> **Problem details**
Every line below is to be set down again exactly; any image stays out.
══ Task inputs
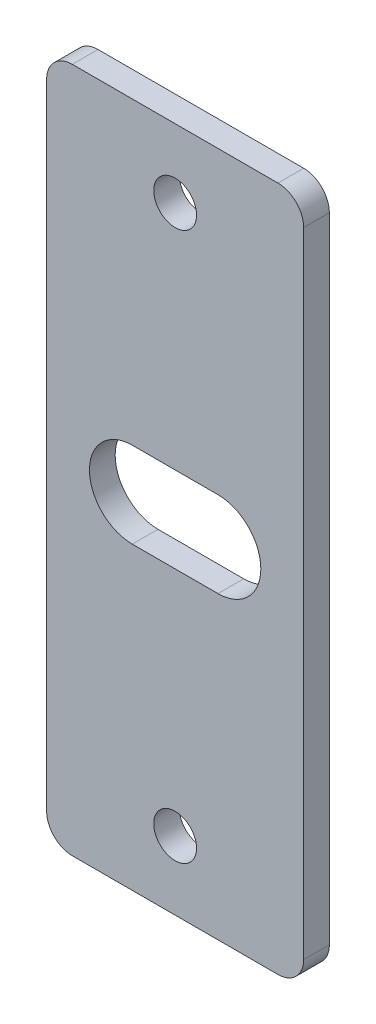
SolidWorks part; units mm, degrees
ref_plane "前视基准面" through (0, 0, 0) normal (0, 0, 1) x (1, 0, 0)
ref_plane "上视基准面" through (0, 0, 0) normal (0, 1, 0) x (1, 0, 0)
ref_plane "右视基准面" through (0, 0, 0) normal (1, 0, 0) x (0, 0, -1)
sketch "草图1" plane through (0, 0, 0) normal (0, 0, 1) x (1, 0, 0)
  line L0 (-12, 0) -> (12, 0)
  line L1 (15, 3) -> (15, 77)
  line L2 (12, 80) -> (-12, 80)
  line L3 (-15, 77) -> (-15, 3)
  arc A0 (-15, 3) -> (-12, 0) centre (-12, 3) ccw
  arc A1 (12, 0) -> (15, 3) centre (12, 3) ccw
  arc A2 (15, 77) -> (12, 80) centre (12, 77) ccw
  arc A3 (-12, 80) -> (-15, 77) centre (-12, 77) ccw
extrude "凸台-拉伸1" add sketch "草图1" along normal blind 3
sketch "草图2" plane through (0, 0, 0) normal (0, 0, 1) x (1, 0, 0)
  line L0 (-5, 35) -> (5, 35)
  line L1 (5, 45) -> (-5, 45)
  circle A0 centre (0, 8) radius 2.5
  circle A1 centre (0, 72) radius 2.5
  arc A2 (5, 35) -> (5, 45) centre (5, 40) ccw
  arc A3 (-5, 45) -> (-5, 35) centre (-5, 40) ccw
extrude "切除-拉伸1" cut sketch "草图2" along normal through all
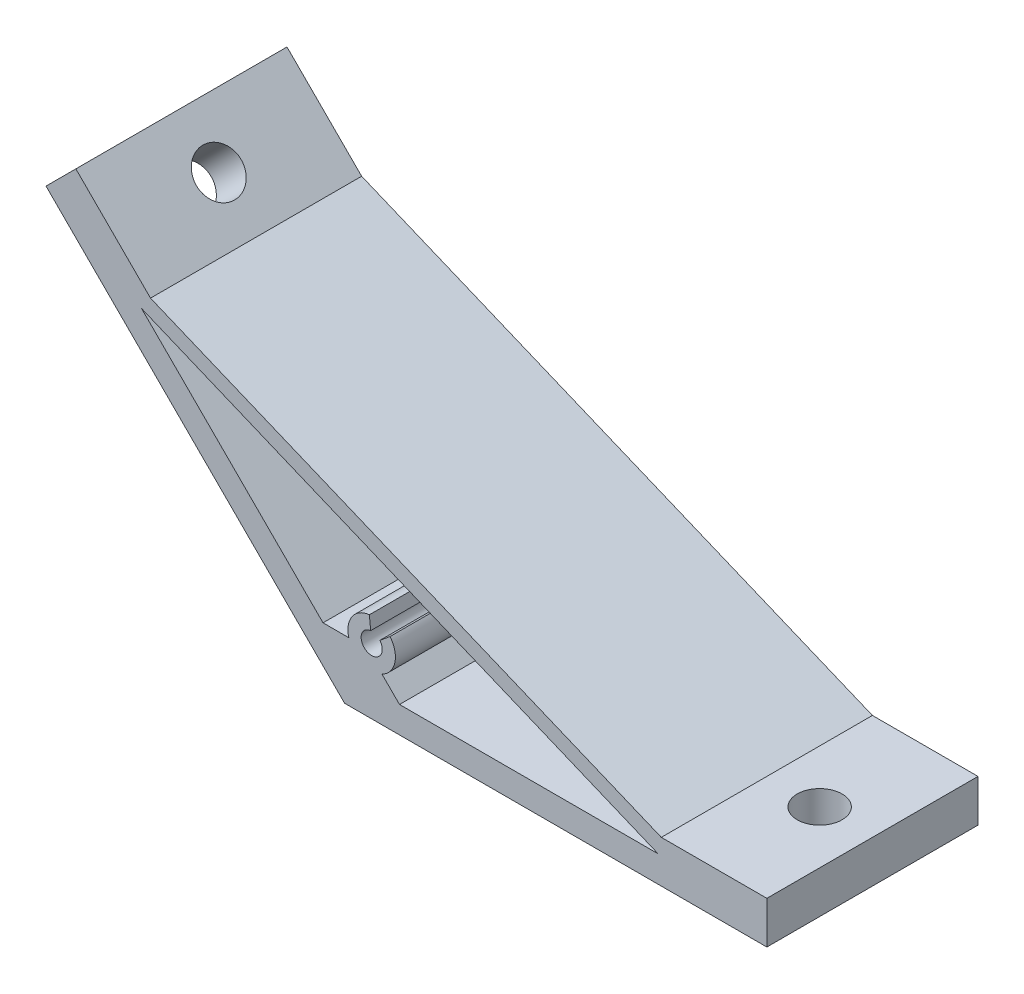
SolidWorks part; units mm, degrees
ref_plane "前视基准面" through (0, 0, 0) normal (0, 0, 1) x (1, 0, 0)
ref_plane "上视基准面" through (0, 0, 0) normal (0, 1, 0) x (1, 0, 0)
ref_plane "右视基准面" through (0, 0, 0) normal (1, 0, 0) x (0, 0, -1)
sketch "草图1" plane through (0, 0, 0) normal (0, 0, 1) x (1, 0, 0)
  line L0 (6992.6877, -1288.6549) -> (7072.6877, -1288.6549)
  line L1 (7003.0909, -1283.6549) -> (7052.0909, -1283.6549)
  line L2 (7052.6877, -1280.6549) -> (7072.6877, -1280.6549)
  line L3 (7003.0909, -1283.6549) -> (7029.4034, -1283.6549)
  line L4 (7072.6877, -1288.6549) -> (7072.6877, -1280.6549)
  line L5 (6997.6265, -1274.2736) -> (6997.3838, -1271.7854)
  line L6 (6999.3656, -1274.9939) -> (7001.2967, -1273.4062)
  line L7 (6992.6877, -1288.6549) -> (6936.1191, -1232.0864)
  line L8 (6988.6024, -1277.4986) -> (6954.2187, -1243.1149)
  line L9 (6955.9181, -1240.5717) -> (6941.776, -1226.4295)
  line L10 (6936.1191, -1232.0864) -> (6941.776, -1226.4295)
  line L11 (6955.9181, -1240.5717) -> (7052.6877, -1280.6549)
  line L12 (6954.2187, -1243.1149) -> (7052.0909, -1283.6549)
  line L13 (7052.0909, -1283.6549) -> (7009.0909, -1283.6549)
  line L14 (7003.0909, -1283.6549) -> (6999.7605, -1280.3246)
  line L15 (6988.6024, -1277.4986) -> (6993.4934, -1277.4986)
  arc A0 (6997.3838, -1271.7854) -> (6993.4934, -1277.4986) centre (6997.8207, -1276.2641) ccw
  arc A1 (6999.7605, -1280.3246) -> (7001.2967, -1273.4062) centre (6997.8207, -1276.2641) ccw
  arc A2 (6997.6265, -1274.2736) -> (6999.3656, -1274.9939) centre (6997.8207, -1276.2641) ccw
extrude "凸台-拉伸1" add sketch "草图1" along normal mid plane 40 contours L11 L9 L10 L7 L0 L4 L2 A2 L5 A0 L15 L8 L12 L1 L3 L14 A1 L6
hole_wizard "Ø8.5 (8.5) 直径孔1" positions "草图3" profile "草图2" hole size "Ø8.5" standard "GB" end condition through all
sketch "草图3" plane through (2852.0164, 2852.0164, 0) normal (-0.7071, -0.7071, 0) x (0.7071, -0.7071, 0)
  line L1 (5775.7935, 20) -> (5775.7935, -20) construction
  point P1 (5785.7935, 0)
  point P11 (5775.7935, 0)
  dimension "D1" = 10
sketch "草图2" plane through (6943.1902, -1239.1575, 0) normal (0, 0, 1) x (0.7071, -0.7071, 0)
  line L0 (0, 0) -> (0, 100.5685)
  line L1 (0, 100.5685) -> (4.25, 100.5685)
  line L2 (4.25, 100.5685) -> (4.25, 0)
  line L5 (4.25, 0) -> (0, 0)
  line L11 (0, -6.35) -> (0, 107.95) construction
  dimension "通孔孔直径" = 8.5
  dimension "通孔孔深度" = 100.5685
hole_wizard "Ø8.5 (8.5) 直径孔2" positions "草图5" profile "草图4" hole size "Ø8.5" standard "GB" end condition through all
sketch "草图5" plane through (0, -1288.6549, 0) normal (0, -1, 0) x (1, 0, 0)
  line L1 (7072.6877, 20) -> (7072.6877, -20) construction
  point P0 (7062.6877, 0)
  point P10 (7072.6877, 0)
  dimension "D2" = 10
sketch "草图4" plane through (7062.6877, -1288.6549, 0) normal (1, 0, 0) x (0, 0, -1)
  line L0 (0, 0) -> (0, 62.2254)
  line L1 (0, 62.2254) -> (4.25, 62.2254)
  line L2 (4.25, 62.2254) -> (4.25, 0)
  line L5 (4.25, 0) -> (0, 0)
  line L11 (0, -6.35) -> (0, 107.95) construction
  dimension "通孔孔直径" = 8.5
  dimension "通孔孔深度" = 62.2254
════
> **Reply to the exercise**
SolidWorks part; units mm, degrees
ref_plane "前视基准面" through (0, 0, 0) normal (0, 0, 1) x (1, 0, 0)
ref_plane "上视基准面" through (0, 0, 0) normal (0, 1, 0) x (1, 0, 0)
ref_plane "右视基准面" through (0, 0, 0) normal (1, 0, 0) x (0, 0, -1)
sketch "草图1" plane through (0, 0, 0) normal (0, 0, 1) x (1, 0, 0)
  line L0 (-12, 0) -> (12, 0)
  line L1 (15, 3) -> (15, 77)
  line L2 (12, 80) -> (-12, 80)
  line L3 (-15, 77) -> (-15, 3)
  arc A0 (-15, 3) -> (-12, 0) centre (-12, 3) ccw
  arc A1 (12, 0) -> (15, 3) centre (12, 3) ccw
  arc A2 (15, 77) -> (12, 80) centre (12, 77) ccw
  arc A3 (-12, 80) -> (-15, 77) centre (-12, 77) ccw
extrude "凸台-拉伸1" add sketch "草图1" along normal blind 3
sketch "草图2" plane through (0, 0, 0) normal (0, 0, 1) x (1, 0, 0)
  line L0 (-5, 35) -> (5, 35)
  line L1 (5, 45) -> (-5, 45)
  circle A0 centre (0, 8) radius 2.5
  circle A1 centre (0, 72) radius 2.5
  arc A2 (5, 35) -> (5, 45) centre (5, 40) ccw
  arc A3 (-5, 45) -> (-5, 35) centre (-5, 40) ccw
extrude "切除-拉伸1" cut sketch "草图2" along normal through all
SolidWorks part; units mm, degrees
ref_plane "前视基准面" through (0, 0, 0) normal (0, 0, 1) x (1, 0, 0)
ref_plane "上视基准面" through (0, 0, 0) normal (0, 1, 0) x (1, 0, 0)
ref_plane "右视基准面" through (0, 0, 0) normal (1, 0, 0) x (0, 0, -1)
sketch "草图1" plane through (0, 0, 0) normal (0, 0, 1) x (1, 0, 0)
  line L0 (6992.6877, -1288.6549) -> (7072.6877, -1288.6549)
  line L1 (7003.0909, -1283.6549) -> (7052.0909, -1283.6549)
  line L2 (7052.6877, -1280.6549) -> (7072.6877, -1280.6549)
  line L3 (7003.0909, -1283.6549) -> (7029.4034, -1283.6549)
  line L4 (7072.6877, -1288.6549) -> (7072.6877, -1280.6549)
  line L5 (6997.6265, -1274.2736) -> (6997.3838, -1271.7854)
  line L6 (6999.3656, -1274.9939) -> (7001.2967, -1273.4062)
  line L7 (6992.6877, -1288.6549) -> (6936.1191, -1232.0864)
  line L8 (6988.6024, -1277.4986) -> (6954.2187, -1243.1149)
  line L9 (6955.9181, -1240.5717) -> (6941.776, -1226.4295)
  line L10 (6936.1191, -1232.0864) -> (6941.776, -1226.4295)
  line L11 (6955.9181, -1240.5717) -> (7052.6877, -1280.6549)
  line L12 (6954.2187, -1243.1149) -> (7052.0909, -1283.6549)
  line L13 (7052.0909, -1283.6549) -> (7009.0909, -1283.6549)
  line L14 (7003.0909, -1283.6549) -> (6999.7605, -1280.3246)
  line L15 (6988.6024, -1277.4986) -> (6993.4934, -1277.4986)
  arc A0 (6997.3838, -1271.7854) -> (6993.4934, -1277.4986) centre (6997.8207, -1276.2641) ccw
  arc A1 (6999.7605, -1280.3246) -> (7001.2967, -1273.4062) centre (6997.8207, -1276.2641) ccw
  arc A2 (6997.6265, -1274.2736) -> (6999.3656, -1274.9939) centre (6997.8207, -1276.2641) ccw
extrude "凸台-拉伸1" add sketch "草图1" along normal mid plane 40 contours L11 L9 L10 L7 L0 L4 L2 A2 L5 A0 L15 L8 L12 L1 L3 L14 A1 L6
hole_wizard "Ø8.5 (8.5) 直径孔1" positions "草图3" profile "草图2" hole size "Ø8.5" standard "GB" end condition through all
sketch "草图3" plane through (2852.0164, 2852.0164, 0) normal (-0.7071, -0.7071, 0) x (0.7071, -0.7071, 0)
  line L1 (5775.7935, 20) -> (5775.7935, -20) construction
  point P1 (5785.7935, 0)
  point P11 (5775.7935, 0)
  dimension "D1" = 10
sketch "草图2" plane through (6943.1902, -1239.1575, 0) normal (0, 0, 1) x (0.7071, -0.7071, 0)
  line L0 (0, 0) -> (0, 100.5685)
  line L1 (0, 100.5685) -> (4.25, 100.5685)
  line L2 (4.25, 100.5685) -> (4.25, 0)
  line L5 (4.25, 0) -> (0, 0)
  line L11 (0, -6.35) -> (0, 107.95) construction
  dimension "通孔孔直径" = 8.5
  dimension "通孔孔深度" = 100.5685
hole_wizard "Ø8.5 (8.5) 直径孔2" positions "草图5" profile "草图4" hole size "Ø8.5" standard "GB" end condition through all
sketch "草图5" plane through (0, -1288.6549, 0) normal (0, -1, 0) x (1, 0, 0)
  line L1 (7072.6877, 20) -> (7072.6877, -20) construction
  point P0 (7062.6877, 0)
  point P10 (7072.6877, 0)
  dimension "D2" = 10
sketch "草图4" plane through (7062.6877, -1288.6549, 0) normal (1, 0, 0) x (0, 0, -1)
  line L0 (0, 0) -> (0, 62.2254)
  line L1 (0, 62.2254) -> (4.25, 62.2254)
  line L2 (4.25, 62.2254) -> (4.25, 0)
  line L5 (4.25, 0) -> (0, 0)
  line L11 (0, -6.35) -> (0, 107.95) construction
  dimension "通孔孔直径" = 8.5
  dimension "通孔孔深度" = 62.2254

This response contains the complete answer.